WHAT YOU HAVE TO DO: Every record here should be printed again exactly.

Data extracted from a collection:
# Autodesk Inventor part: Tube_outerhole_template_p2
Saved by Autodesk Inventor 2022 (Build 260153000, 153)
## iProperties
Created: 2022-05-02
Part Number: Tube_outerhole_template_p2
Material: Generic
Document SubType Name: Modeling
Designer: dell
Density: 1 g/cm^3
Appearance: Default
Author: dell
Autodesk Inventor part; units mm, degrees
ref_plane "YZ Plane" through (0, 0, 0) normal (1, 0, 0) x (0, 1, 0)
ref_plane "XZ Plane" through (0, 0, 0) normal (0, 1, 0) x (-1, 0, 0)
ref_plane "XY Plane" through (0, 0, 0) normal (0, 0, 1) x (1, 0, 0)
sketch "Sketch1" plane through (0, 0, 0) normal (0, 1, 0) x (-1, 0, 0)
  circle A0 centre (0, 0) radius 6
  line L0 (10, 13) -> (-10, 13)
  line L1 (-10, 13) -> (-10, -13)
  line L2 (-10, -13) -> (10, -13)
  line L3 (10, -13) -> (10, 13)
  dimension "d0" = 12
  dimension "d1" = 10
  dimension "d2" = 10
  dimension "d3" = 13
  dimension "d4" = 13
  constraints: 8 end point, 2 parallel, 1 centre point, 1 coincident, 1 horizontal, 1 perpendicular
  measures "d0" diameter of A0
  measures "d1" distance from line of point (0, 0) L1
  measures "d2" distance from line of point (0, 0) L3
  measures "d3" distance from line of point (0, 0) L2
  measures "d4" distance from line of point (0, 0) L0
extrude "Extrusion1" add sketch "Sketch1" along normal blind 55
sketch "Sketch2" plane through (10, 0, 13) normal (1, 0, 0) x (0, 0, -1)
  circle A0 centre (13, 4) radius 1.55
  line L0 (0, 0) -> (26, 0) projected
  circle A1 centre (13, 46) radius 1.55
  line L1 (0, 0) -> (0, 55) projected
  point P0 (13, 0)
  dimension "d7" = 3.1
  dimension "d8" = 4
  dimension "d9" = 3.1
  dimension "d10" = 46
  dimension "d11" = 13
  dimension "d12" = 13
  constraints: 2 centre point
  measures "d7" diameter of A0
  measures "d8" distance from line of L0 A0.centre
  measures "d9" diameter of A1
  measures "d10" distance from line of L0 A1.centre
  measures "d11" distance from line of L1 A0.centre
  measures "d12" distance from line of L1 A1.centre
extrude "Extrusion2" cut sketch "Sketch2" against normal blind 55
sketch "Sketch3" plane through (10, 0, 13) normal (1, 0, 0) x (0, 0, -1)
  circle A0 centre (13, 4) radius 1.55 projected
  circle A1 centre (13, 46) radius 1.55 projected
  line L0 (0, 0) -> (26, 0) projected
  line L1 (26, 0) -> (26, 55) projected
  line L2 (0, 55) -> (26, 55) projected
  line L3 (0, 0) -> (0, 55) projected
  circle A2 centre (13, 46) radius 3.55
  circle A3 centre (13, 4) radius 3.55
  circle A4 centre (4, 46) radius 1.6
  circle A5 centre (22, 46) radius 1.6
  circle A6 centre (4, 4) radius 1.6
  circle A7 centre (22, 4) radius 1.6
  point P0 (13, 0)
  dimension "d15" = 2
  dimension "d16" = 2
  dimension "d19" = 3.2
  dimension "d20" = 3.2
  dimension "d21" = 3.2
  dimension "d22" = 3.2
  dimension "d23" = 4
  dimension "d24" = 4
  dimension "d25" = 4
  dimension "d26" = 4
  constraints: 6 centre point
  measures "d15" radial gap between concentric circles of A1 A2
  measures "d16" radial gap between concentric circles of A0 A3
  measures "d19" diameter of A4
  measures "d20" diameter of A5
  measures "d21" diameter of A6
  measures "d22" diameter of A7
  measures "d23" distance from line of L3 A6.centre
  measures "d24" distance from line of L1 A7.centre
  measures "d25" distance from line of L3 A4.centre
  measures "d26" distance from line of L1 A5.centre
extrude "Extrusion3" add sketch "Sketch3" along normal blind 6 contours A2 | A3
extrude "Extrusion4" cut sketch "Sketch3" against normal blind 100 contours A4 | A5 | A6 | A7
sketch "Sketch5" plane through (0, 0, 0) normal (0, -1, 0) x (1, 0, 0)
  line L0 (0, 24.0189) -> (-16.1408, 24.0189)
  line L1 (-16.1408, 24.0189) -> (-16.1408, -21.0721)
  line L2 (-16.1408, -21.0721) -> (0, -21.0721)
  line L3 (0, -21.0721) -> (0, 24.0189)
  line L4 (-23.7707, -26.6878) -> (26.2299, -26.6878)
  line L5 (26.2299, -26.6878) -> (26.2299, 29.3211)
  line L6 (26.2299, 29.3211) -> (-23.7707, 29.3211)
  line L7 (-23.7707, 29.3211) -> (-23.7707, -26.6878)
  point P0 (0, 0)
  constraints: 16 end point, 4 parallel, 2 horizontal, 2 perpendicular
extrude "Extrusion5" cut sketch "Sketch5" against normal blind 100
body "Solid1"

RESPONSE TO THE TASK:
# Autodesk Inventor part: Tube_outerhole_template_p2
Saved by Autodesk Inventor 2022 (Build 260153000, 153)
## iProperties
Created: 2022-05-02
Part Number: Tube_outerhole_template_p2
Material: Generic
Document SubType Name: Modeling
Designer: dell
Density: 1 g/cm^3
Appearance: Default
Author: dell
Autodesk Inventor part; units mm, degrees
ref_plane "YZ Plane" through (0, 0, 0) normal (1, 0, 0) x (0, 1, 0)
ref_plane "XZ Plane" through (0, 0, 0) normal (0, 1, 0) x (-1, 0, 0)
ref_plane "XY Plane" through (0, 0, 0) normal (0, 0, 1) x (1, 0, 0)
sketch "Sketch1" plane through (0, 0, 0) normal (0, 1, 0) x (-1, 0, 0)
  circle A0 centre (0, 0) radius 6
  line L0 (10, 13) -> (-10, 13)
  line L1 (-10, 13) -> (-10, -13)
  line L2 (-10, -13) -> (10, -13)
  line L3 (10, -13) -> (10, 13)
  dimension "d0" = 12
  dimension "d1" = 10
  dimension "d2" = 10
  dimension "d3" = 13
  dimension "d4" = 13
  constraints: 8 end point, 2 parallel, 1 centre point, 1 coincident, 1 horizontal, 1 perpendicular
  measures "d0" diameter of A0
  measures "d1" distance from line of point (0, 0) L1
  measures "d2" distance from line of point (0, 0) L3
  measures "d3" distance from line of point (0, 0) L2
  measures "d4" distance from line of point (0, 0) L0
extrude "Extrusion1" add sketch "Sketch1" along normal blind 55
sketch "Sketch2" plane through (10, 0, 13) normal (1, 0, 0) x (0, 0, -1)
  circle A0 centre (13, 4) radius 1.55
  line L0 (0, 0) -> (26, 0) projected
  circle A1 centre (13, 46) radius 1.55
  line L1 (0, 0) -> (0, 55) projected
  point P0 (13, 0)
  dimension "d7" = 3.1
  dimension "d8" = 4
  dimension "d9" = 3.1
  dimension "d10" = 46
  dimension "d11" = 13
  dimension "d12" = 13
  constraints: 2 centre point
  measures "d7" diameter of A0
  measures "d8" distance from line of L0 A0.centre
  measures "d9" diameter of A1
  measures "d10" distance from line of L0 A1.centre
  measures "d11" distance from line of L1 A0.centre
  measures "d12" distance from line of L1 A1.centre
extrude "Extrusion2" cut sketch "Sketch2" against normal blind 55
sketch "Sketch3" plane through (10, 0, 13) normal (1, 0, 0) x (0, 0, -1)
  circle A0 centre (13, 4) radius 1.55 projected
  circle A1 centre (13, 46) radius 1.55 projected
  line L0 (0, 0) -> (26, 0) projected
  line L1 (26, 0) -> (26, 55) projected
  line L2 (0, 55) -> (26, 55) projected
  line L3 (0, 0) -> (0, 55) projected
  circle A2 centre (13, 46) radius 3.55
  circle A3 centre (13, 4) radius 3.55
  circle A4 centre (4, 46) radius 1.6
  circle A5 centre (22, 46) radius 1.6
  circle A6 centre (4, 4) radius 1.6
  circle A7 centre (22, 4) radius 1.6
  point P0 (13, 0)
  dimension "d15" = 2
  dimension "d16" = 2
  dimension "d19" = 3.2
  dimension "d20" = 3.2
  dimension "d21" = 3.2
  dimension "d22" = 3.2
  dimension "d23" = 4
  dimension "d24" = 4
  dimension "d25" = 4
  dimension "d26" = 4
  constraints: 6 centre point
  measures "d15" radial gap between concentric circles of A1 A2
  measures "d16" radial gap between concentric circles of A0 A3
  measures "d19" diameter of A4
  measures "d20" diameter of A5
  measures "d21" diameter of A6
  measures "d22" diameter of A7
  measures "d23" distance from line of L3 A6.centre
  measures "d24" distance from line of L1 A7.centre
  measures "d25" distance from line of L3 A4.centre
  measures "d26" distance from line of L1 A5.centre
extrude "Extrusion3" add sketch "Sketch3" along normal blind 6 contours A2 | A3
extrude "Extrusion4" cut sketch "Sketch3" against normal blind 100 contours A4 | A5 | A6 | A7
sketch "Sketch5" plane through (0, 0, 0) normal (0, -1, 0) x (1, 0, 0)
  line L0 (0, 24.0189) -> (-16.1408, 24.0189)
  line L1 (-16.1408, 24.0189) -> (-16.1408, -21.0721)
  line L2 (-16.1408, -21.0721) -> (0, -21.0721)
  line L3 (0, -21.0721) -> (0, 24.0189)
  line L4 (-23.7707, -26.6878) -> (26.2299, -26.6878)
  line L5 (26.2299, -26.6878) -> (26.2299, 29.3211)
  line L6 (26.2299, 29.3211) -> (-23.7707, 29.3211)
  line L7 (-23.7707, 29.3211) -> (-23.7707, -26.6878)
  point P0 (0, 0)
  constraints: 16 end point, 4 parallel, 2 horizontal, 2 perpendicular
extrude "Extrusion5" cut sketch "Sketch5" against normal blind 100
body "Solid1"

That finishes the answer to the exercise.